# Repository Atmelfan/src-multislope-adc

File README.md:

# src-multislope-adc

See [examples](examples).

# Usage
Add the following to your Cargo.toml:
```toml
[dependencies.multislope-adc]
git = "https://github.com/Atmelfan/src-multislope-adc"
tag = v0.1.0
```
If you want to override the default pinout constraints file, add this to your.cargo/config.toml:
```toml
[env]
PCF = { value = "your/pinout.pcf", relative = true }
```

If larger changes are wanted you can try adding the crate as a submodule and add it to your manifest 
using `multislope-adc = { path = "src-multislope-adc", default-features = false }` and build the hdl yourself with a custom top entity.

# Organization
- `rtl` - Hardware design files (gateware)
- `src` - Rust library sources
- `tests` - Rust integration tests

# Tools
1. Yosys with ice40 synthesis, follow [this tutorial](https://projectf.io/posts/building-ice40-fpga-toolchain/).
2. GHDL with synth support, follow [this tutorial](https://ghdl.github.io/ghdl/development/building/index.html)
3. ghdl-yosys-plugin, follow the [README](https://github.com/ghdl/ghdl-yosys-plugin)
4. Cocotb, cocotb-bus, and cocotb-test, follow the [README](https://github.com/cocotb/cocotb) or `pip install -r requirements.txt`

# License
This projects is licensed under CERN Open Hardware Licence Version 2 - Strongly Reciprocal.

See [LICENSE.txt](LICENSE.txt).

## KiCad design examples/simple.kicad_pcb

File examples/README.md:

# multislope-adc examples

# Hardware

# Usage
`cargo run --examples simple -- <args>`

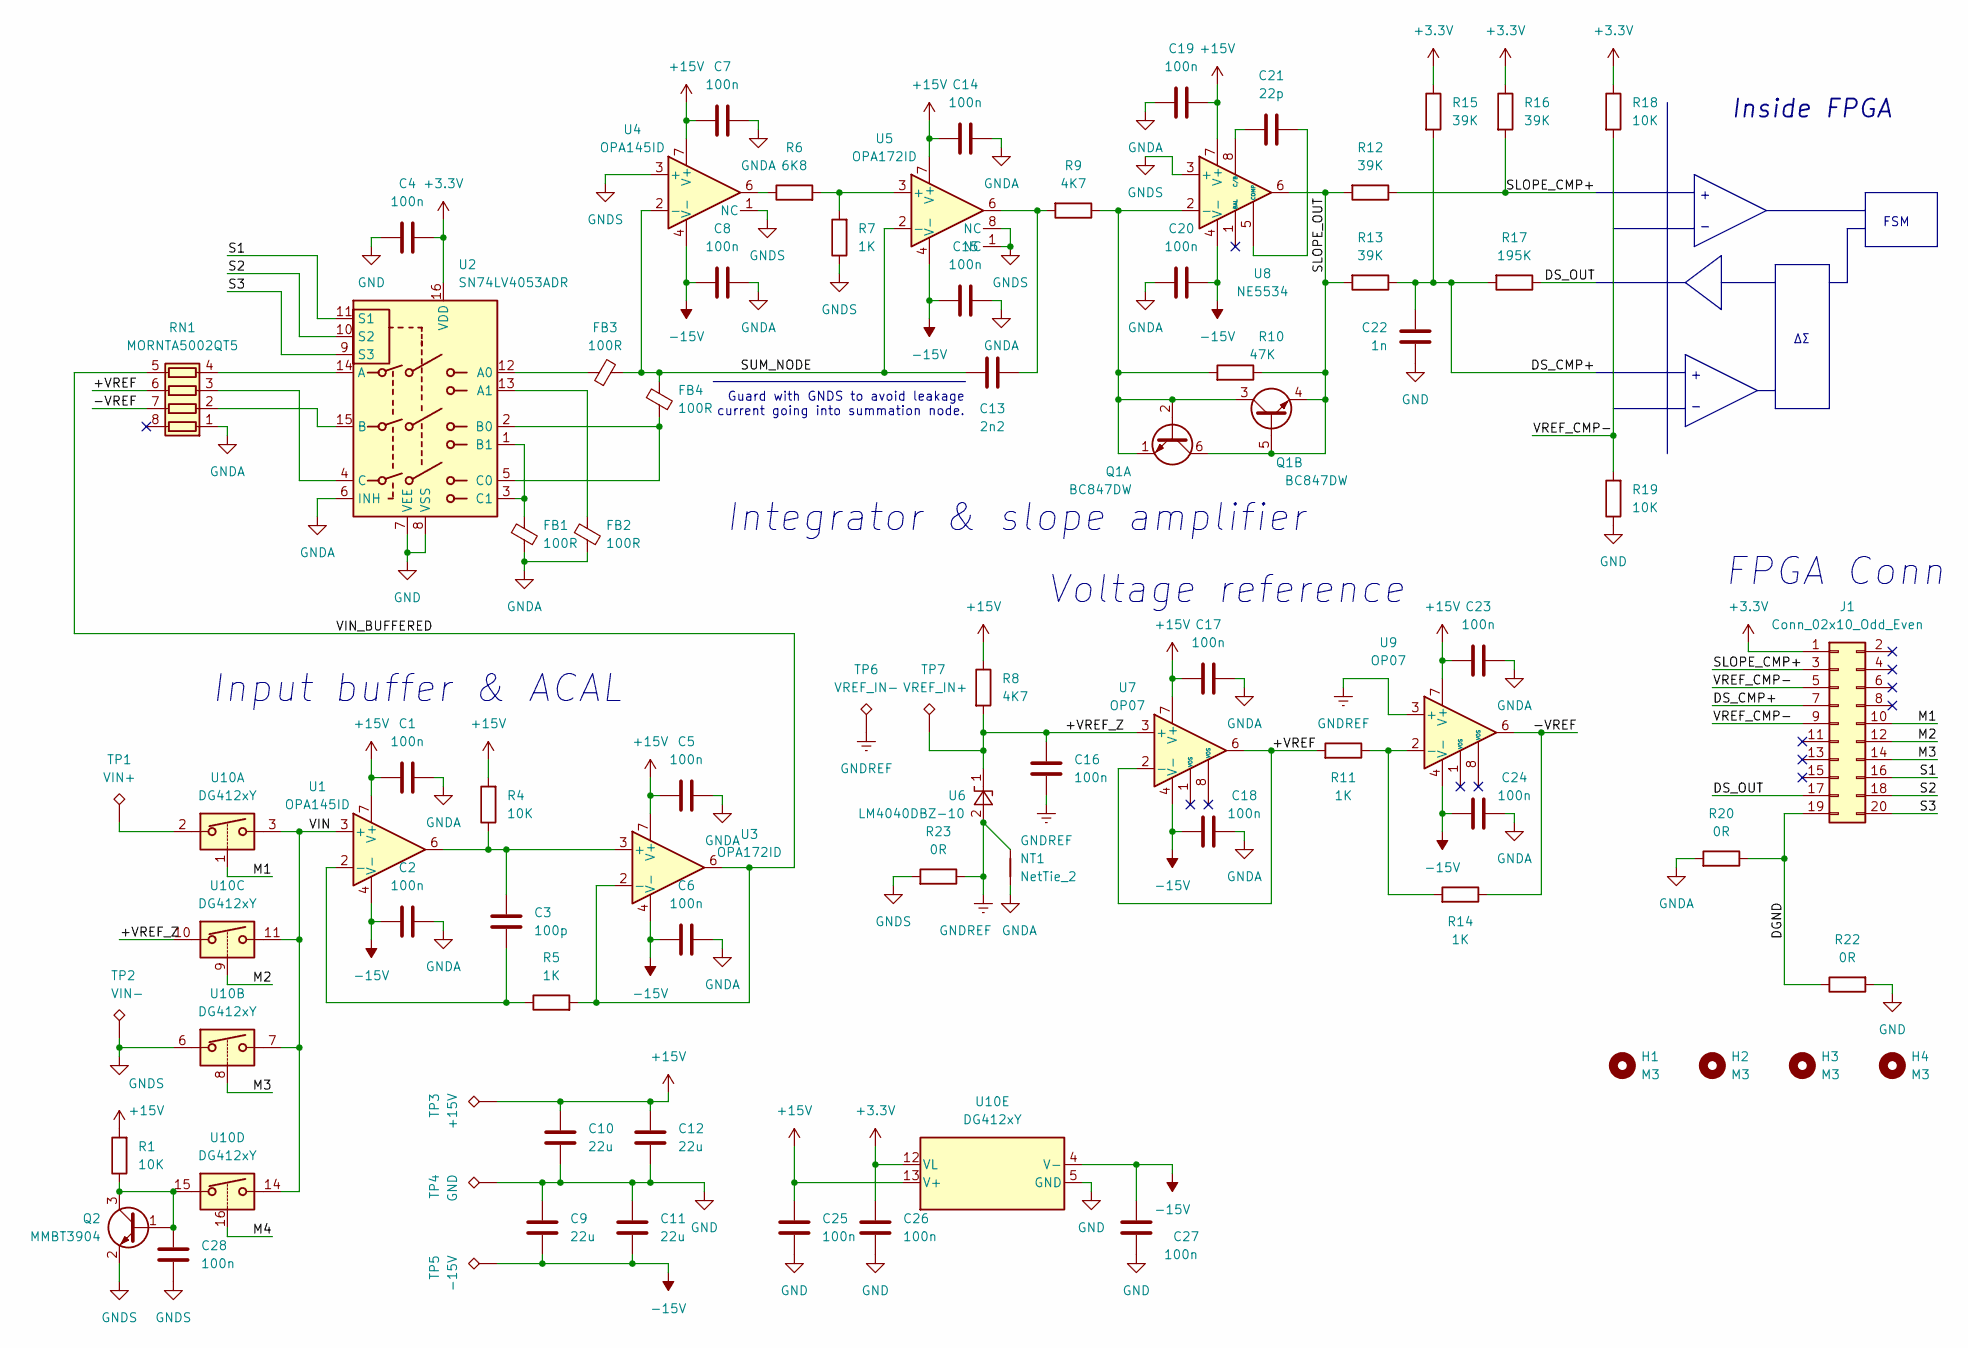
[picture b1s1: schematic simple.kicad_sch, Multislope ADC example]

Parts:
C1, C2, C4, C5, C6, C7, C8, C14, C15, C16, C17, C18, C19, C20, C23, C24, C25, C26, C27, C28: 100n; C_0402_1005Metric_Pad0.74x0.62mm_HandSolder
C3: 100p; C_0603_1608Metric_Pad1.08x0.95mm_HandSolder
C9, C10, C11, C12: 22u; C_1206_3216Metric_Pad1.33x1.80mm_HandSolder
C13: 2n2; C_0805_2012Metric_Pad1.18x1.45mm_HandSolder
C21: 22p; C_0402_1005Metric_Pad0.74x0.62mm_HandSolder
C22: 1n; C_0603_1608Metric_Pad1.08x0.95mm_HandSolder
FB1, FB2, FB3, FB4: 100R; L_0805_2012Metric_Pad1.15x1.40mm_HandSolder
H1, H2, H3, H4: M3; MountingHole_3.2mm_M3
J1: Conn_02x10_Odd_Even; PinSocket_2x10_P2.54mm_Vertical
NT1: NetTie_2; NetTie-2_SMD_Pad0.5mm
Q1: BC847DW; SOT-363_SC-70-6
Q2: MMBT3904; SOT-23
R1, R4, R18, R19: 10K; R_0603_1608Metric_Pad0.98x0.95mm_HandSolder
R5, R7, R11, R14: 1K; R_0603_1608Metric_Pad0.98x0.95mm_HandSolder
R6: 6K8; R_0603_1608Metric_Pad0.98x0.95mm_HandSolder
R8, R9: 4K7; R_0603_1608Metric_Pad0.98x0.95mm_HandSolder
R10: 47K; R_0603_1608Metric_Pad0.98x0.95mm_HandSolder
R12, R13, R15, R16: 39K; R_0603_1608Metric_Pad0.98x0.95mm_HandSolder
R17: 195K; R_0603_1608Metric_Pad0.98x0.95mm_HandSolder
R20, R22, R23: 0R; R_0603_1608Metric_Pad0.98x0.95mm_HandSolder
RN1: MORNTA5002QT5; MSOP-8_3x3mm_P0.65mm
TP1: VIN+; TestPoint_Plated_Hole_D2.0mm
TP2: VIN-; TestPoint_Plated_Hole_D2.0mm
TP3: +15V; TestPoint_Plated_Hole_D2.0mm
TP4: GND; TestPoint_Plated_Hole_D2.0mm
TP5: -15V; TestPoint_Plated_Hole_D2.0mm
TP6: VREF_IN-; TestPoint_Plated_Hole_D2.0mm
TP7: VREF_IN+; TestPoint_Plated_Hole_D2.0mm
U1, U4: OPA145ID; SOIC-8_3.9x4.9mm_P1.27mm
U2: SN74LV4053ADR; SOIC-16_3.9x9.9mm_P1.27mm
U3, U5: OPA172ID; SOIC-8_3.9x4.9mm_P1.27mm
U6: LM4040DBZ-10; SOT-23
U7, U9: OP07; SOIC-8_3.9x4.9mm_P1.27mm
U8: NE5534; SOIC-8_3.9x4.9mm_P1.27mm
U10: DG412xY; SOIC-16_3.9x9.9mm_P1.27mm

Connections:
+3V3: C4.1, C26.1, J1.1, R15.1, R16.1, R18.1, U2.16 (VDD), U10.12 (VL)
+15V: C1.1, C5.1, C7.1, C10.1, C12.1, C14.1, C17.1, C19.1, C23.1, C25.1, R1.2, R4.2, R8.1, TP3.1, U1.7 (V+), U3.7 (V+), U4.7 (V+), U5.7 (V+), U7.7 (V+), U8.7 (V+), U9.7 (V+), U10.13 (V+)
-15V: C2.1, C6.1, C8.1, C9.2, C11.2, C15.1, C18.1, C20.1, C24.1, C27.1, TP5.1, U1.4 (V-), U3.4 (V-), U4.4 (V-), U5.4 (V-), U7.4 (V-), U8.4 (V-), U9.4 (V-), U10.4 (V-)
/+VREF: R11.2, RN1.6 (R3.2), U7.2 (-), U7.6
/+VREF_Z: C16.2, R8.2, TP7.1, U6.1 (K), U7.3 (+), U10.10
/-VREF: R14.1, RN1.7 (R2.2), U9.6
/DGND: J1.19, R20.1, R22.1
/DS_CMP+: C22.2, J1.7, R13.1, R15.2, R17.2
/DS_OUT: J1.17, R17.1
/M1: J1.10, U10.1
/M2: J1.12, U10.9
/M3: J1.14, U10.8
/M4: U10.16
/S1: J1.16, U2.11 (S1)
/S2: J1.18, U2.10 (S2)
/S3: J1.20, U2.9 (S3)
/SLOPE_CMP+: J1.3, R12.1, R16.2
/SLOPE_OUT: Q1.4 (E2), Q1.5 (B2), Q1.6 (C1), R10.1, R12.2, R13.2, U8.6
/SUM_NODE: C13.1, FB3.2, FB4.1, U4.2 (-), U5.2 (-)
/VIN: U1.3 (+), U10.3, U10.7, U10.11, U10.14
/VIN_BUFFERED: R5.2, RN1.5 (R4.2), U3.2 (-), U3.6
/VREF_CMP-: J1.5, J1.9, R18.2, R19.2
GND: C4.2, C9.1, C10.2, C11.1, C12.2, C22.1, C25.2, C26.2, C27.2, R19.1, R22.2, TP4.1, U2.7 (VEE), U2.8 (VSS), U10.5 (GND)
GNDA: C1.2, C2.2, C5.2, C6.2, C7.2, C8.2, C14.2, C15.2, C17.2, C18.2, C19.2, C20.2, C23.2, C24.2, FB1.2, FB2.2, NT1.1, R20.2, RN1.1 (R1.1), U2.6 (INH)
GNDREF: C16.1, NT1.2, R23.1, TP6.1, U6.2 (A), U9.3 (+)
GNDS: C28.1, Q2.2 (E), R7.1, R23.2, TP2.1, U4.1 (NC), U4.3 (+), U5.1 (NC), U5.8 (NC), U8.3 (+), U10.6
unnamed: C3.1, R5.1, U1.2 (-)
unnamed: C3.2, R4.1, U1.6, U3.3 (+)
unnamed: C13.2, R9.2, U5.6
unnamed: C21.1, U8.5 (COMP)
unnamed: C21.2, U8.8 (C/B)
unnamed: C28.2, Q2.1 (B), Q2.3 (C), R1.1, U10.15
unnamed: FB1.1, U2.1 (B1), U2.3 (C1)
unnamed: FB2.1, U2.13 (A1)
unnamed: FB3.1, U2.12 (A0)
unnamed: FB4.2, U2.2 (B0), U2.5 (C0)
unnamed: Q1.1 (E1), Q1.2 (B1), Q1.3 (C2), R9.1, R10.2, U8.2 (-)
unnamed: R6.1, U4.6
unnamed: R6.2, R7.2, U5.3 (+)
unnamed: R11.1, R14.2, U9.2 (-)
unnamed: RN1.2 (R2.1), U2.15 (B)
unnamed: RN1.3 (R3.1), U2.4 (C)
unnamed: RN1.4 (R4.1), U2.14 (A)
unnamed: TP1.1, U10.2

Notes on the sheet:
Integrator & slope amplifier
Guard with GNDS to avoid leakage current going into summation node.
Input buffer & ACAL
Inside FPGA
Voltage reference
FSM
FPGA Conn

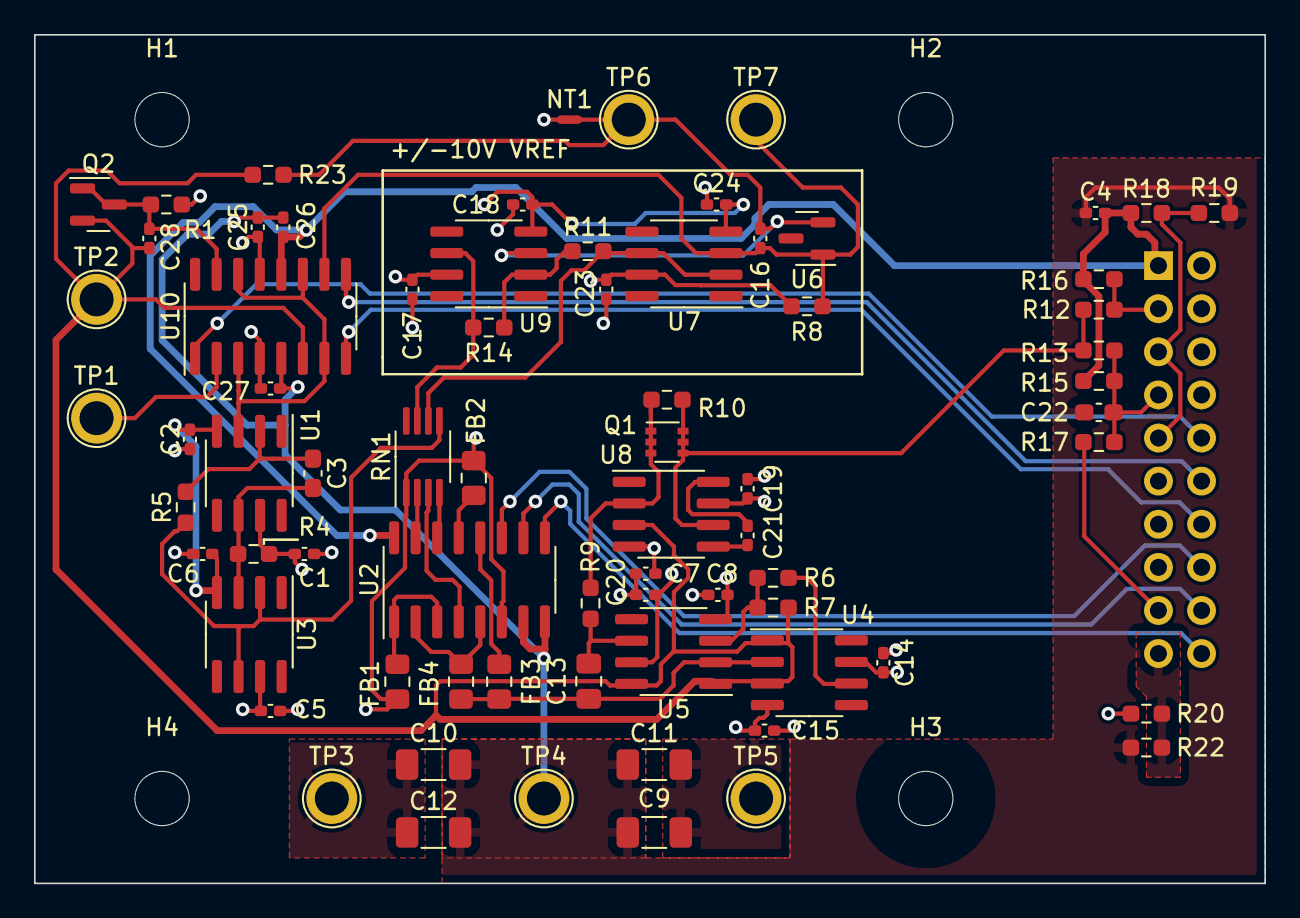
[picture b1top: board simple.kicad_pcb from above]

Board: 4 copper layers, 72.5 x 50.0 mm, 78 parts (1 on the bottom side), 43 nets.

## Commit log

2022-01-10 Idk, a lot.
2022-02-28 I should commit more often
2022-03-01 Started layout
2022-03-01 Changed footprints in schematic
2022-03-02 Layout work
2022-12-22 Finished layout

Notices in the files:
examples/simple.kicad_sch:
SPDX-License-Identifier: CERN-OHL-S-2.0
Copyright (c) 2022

-- TASK REQUIREMENTS --
From the entries above, restate word for word the lines from the line containing "C3: 100p; C_0603_1608Metric_Pad1.08x0.95mm_HandSolder" to the line containing "Q2: MMBT3904; SOT-23", both ends included, and nothing more.

-- ANSWER --
C3: 100p; C_0603_1608Metric_Pad1.08x0.95mm_HandSolder
C9, C10, C11, C12: 22u; C_1206_3216Metric_Pad1.33x1.80mm_HandSolder
C13: 2n2; C_0805_2012Metric_Pad1.18x1.45mm_HandSolder
C21: 22p; C_0402_1005Metric_Pad0.74x0.62mm_HandSolder
C22: 1n; C_0603_1608Metric_Pad1.08x0.95mm_HandSolder
FB1, FB2, FB3, FB4: 100R; L_0805_2012Metric_Pad1.15x1.40mm_HandSolder
H1, H2, H3, H4: M3; MountingHole_3.2mm_M3
J1: Conn_02x10_Odd_Even; PinSocket_2x10_P2.54mm_Vertical
NT1: NetTie_2; NetTie-2_SMD_Pad0.5mm
Q1: BC847DW; SOT-363_SC-70-6
Q2: MMBT3904; SOT-23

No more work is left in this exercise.